Description
Currently torchao QAT has two APIs, tensor subclasses and module swap. The original plan was to deprecate and eventually remove the old module swap API in favor of the tensor subclass API. However, users are starting to rely on the module API for production uses due to gaps in the tensor subclass API. In this RFC, we discuss the few long term plans for these two APIs in torchao.
API Today
We use a quantizer API today to abstract the implementation details from the user. Currently we support both tensor subclass and module swap APIs using different quantizers:
from torchao.quantization.prototype.qat import Int8DynActInt4WeightQATQuantizer
from torchao.quantization.prototype.qat._module_swap_api import Int8DynActInt4WeightQATQuantizerModuleSwap
# tensor subclass version
qat_quantizer = Int8DynActInt4WeightQATQuantizer()
# module swap version
qat_quantizer = Int8DynActInt4WeightQATQuantizerModuleSwap()
# prepare: inserts fake quantizes but keeps everything in bf16
fake_quantized_model = qat_quantizer.prepare(model)
# train or fine-tune as before
train(fake_quantized_model)
# convert: actually quantizes the model to lower bit-widths
quantized_model = qat_quantizer.convert(fake_quantized_model)
Module Swap vs Tensor Subclass
Although tensor subclasses are generally adopted in torchao, the main gap today are (1) the lack of general distributed support, and (2) steep learning curve. For these two reasons, some users prefer the module swap flow, and have begun implementing new features in this flow, such as embedding quantization and static QAT.
To summarize the pros and cons of both approaches:
Tensor subclass | Module swap | |
---|---|---|
Consistency | ✓ The rest of torchao uses tensor subclasses, including PTQ, quantized training, float8 inference, and sparsity. These all use the same quantize_ API. | ✖ Diverges from PTQ flow (not necessarily a con) |
Composability | ✓ Better composability with other tensor subclasses such as DTensor and NestedJaggedTensor | ✖ Pure module swap misses out on potential composability benefits with other tensor subclasses (no clear benefits for QAT today) |
Distributed support | ✖ Currently only supports FSDP2. Internal implementation of each distributed strategy is exposed to the subclass.
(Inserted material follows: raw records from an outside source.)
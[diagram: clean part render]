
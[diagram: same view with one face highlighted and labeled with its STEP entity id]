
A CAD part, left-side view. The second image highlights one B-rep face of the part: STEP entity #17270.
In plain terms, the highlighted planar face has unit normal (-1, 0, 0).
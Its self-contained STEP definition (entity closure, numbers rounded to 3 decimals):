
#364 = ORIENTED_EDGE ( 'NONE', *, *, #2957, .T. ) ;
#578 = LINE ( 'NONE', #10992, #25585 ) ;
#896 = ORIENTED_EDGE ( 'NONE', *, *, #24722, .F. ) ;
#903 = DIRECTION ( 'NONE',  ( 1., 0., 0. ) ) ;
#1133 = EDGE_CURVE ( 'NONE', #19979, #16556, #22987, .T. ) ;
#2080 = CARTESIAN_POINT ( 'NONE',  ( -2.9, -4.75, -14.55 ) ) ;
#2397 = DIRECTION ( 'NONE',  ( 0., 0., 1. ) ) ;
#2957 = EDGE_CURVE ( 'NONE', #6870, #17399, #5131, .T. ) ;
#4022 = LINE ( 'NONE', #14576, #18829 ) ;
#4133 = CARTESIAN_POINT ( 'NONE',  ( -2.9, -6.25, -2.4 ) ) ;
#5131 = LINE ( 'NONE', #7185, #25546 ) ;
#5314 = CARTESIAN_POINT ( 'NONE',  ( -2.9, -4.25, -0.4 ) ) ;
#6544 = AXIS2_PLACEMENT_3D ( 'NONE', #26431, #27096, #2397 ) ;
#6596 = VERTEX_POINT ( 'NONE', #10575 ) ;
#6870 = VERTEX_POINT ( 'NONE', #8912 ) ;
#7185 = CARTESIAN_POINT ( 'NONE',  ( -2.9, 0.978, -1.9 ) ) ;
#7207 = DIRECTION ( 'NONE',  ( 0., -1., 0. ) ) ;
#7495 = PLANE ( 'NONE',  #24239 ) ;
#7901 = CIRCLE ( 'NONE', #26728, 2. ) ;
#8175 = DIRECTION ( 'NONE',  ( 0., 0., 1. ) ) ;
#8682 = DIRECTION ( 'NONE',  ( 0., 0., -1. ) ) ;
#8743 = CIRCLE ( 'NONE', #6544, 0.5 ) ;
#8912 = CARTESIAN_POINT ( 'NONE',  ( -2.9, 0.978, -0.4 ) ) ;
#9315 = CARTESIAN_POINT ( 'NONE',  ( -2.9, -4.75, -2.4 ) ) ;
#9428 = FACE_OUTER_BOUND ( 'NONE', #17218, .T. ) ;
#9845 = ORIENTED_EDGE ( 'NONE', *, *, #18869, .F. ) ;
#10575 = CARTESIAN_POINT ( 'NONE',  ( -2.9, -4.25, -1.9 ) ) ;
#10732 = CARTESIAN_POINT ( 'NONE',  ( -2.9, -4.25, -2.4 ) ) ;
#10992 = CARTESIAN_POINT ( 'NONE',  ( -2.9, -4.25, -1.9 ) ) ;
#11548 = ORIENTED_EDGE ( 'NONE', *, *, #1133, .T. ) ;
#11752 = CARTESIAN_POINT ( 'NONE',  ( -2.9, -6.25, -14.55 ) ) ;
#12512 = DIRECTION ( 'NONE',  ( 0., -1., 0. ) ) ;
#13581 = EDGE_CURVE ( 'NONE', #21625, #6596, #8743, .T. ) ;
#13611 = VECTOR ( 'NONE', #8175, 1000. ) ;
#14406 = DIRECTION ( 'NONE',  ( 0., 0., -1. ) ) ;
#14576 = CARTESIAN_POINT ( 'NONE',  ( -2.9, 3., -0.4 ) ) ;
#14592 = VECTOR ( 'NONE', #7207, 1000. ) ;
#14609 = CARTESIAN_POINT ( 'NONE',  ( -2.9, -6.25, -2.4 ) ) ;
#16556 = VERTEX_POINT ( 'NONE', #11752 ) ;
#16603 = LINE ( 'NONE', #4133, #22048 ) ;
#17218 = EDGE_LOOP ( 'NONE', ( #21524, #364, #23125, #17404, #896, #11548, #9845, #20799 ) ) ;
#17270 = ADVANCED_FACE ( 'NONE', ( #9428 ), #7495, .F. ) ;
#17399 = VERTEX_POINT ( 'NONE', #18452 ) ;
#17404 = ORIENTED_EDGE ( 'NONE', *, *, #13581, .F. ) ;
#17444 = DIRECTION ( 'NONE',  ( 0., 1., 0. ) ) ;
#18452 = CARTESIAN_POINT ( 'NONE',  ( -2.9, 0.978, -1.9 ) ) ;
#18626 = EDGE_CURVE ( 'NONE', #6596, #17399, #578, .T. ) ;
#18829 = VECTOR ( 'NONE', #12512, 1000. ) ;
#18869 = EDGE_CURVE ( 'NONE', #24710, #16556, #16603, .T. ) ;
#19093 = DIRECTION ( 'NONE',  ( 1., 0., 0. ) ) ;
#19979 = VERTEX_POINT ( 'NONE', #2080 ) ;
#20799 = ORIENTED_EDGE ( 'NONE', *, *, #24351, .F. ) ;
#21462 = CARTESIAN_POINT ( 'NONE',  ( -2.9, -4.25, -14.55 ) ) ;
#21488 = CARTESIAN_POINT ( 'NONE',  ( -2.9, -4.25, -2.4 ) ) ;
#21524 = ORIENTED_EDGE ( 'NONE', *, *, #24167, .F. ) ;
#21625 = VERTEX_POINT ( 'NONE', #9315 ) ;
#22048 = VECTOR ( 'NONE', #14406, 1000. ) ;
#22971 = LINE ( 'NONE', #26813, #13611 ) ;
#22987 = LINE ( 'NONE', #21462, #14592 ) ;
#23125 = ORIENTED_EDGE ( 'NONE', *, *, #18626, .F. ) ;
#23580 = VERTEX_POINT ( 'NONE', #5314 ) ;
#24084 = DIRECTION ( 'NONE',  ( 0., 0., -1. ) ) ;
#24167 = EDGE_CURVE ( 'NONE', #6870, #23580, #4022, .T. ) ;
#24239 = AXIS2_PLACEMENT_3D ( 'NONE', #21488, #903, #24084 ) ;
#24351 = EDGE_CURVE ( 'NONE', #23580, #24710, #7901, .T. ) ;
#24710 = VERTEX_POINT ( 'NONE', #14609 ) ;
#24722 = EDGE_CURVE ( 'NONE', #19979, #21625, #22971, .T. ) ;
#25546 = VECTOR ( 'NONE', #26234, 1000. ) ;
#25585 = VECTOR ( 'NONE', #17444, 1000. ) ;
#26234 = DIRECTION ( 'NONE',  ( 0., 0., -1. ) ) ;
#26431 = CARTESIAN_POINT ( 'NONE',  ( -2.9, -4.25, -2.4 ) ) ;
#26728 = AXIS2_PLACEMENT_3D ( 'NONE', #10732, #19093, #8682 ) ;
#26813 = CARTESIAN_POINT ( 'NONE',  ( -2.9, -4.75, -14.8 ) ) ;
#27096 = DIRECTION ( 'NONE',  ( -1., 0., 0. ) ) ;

There are problems with how tensor subclasses interact with FSDP1 and DDP. Fixing these is not a priority for the distributed team. | ✓ Works with any distribution strategy, including non-PyTorch ones like FAIR FSDP |
Developer experience | ✖ Steep learning curve, difficult for new users to extend, confusing error messages | ✓ Easy to understand and extend. Supports module-level features like range learning |
We can separate tensor subclass usage into two categories:
- Injection. This refers to how we insert fake quantization logic into the model. For example, tensor subclass injection means we look for
nn.Linear
modules and swap out the weight tensor, while module swap injection means we look fornn.Linear
modules and swap out the whole module with our customQATLinear
. Today, the tensor subclass flow in torchao uses the former, while the module swap flow uses the latter. - Fake quantization implementation. This refers to how we represent fake quantization during training. We can use our custom
AffineFakeQuantizedTensor
to encode the desired fake quantization configurations, or we can use plaintorch.Tensor
. - We can combine these two in the same flow. For example, use module swap for injection and tensor subclass for data representation.
Long Term Flow
We propose to use module swap for injection and tensor subclass for implementing fake quantization in the long term. This has the following pros and cons compared to the alternatives:
- ✓ Single QAT flow in torchao
- ✓ Lower bar of entry; new users can continue to contribute features quickly
- ✓ Consistent with float8 training in torchao
- ✓ Composes well with other tensor subclasses like DTensor (e.g. cast to int8 before all-gather)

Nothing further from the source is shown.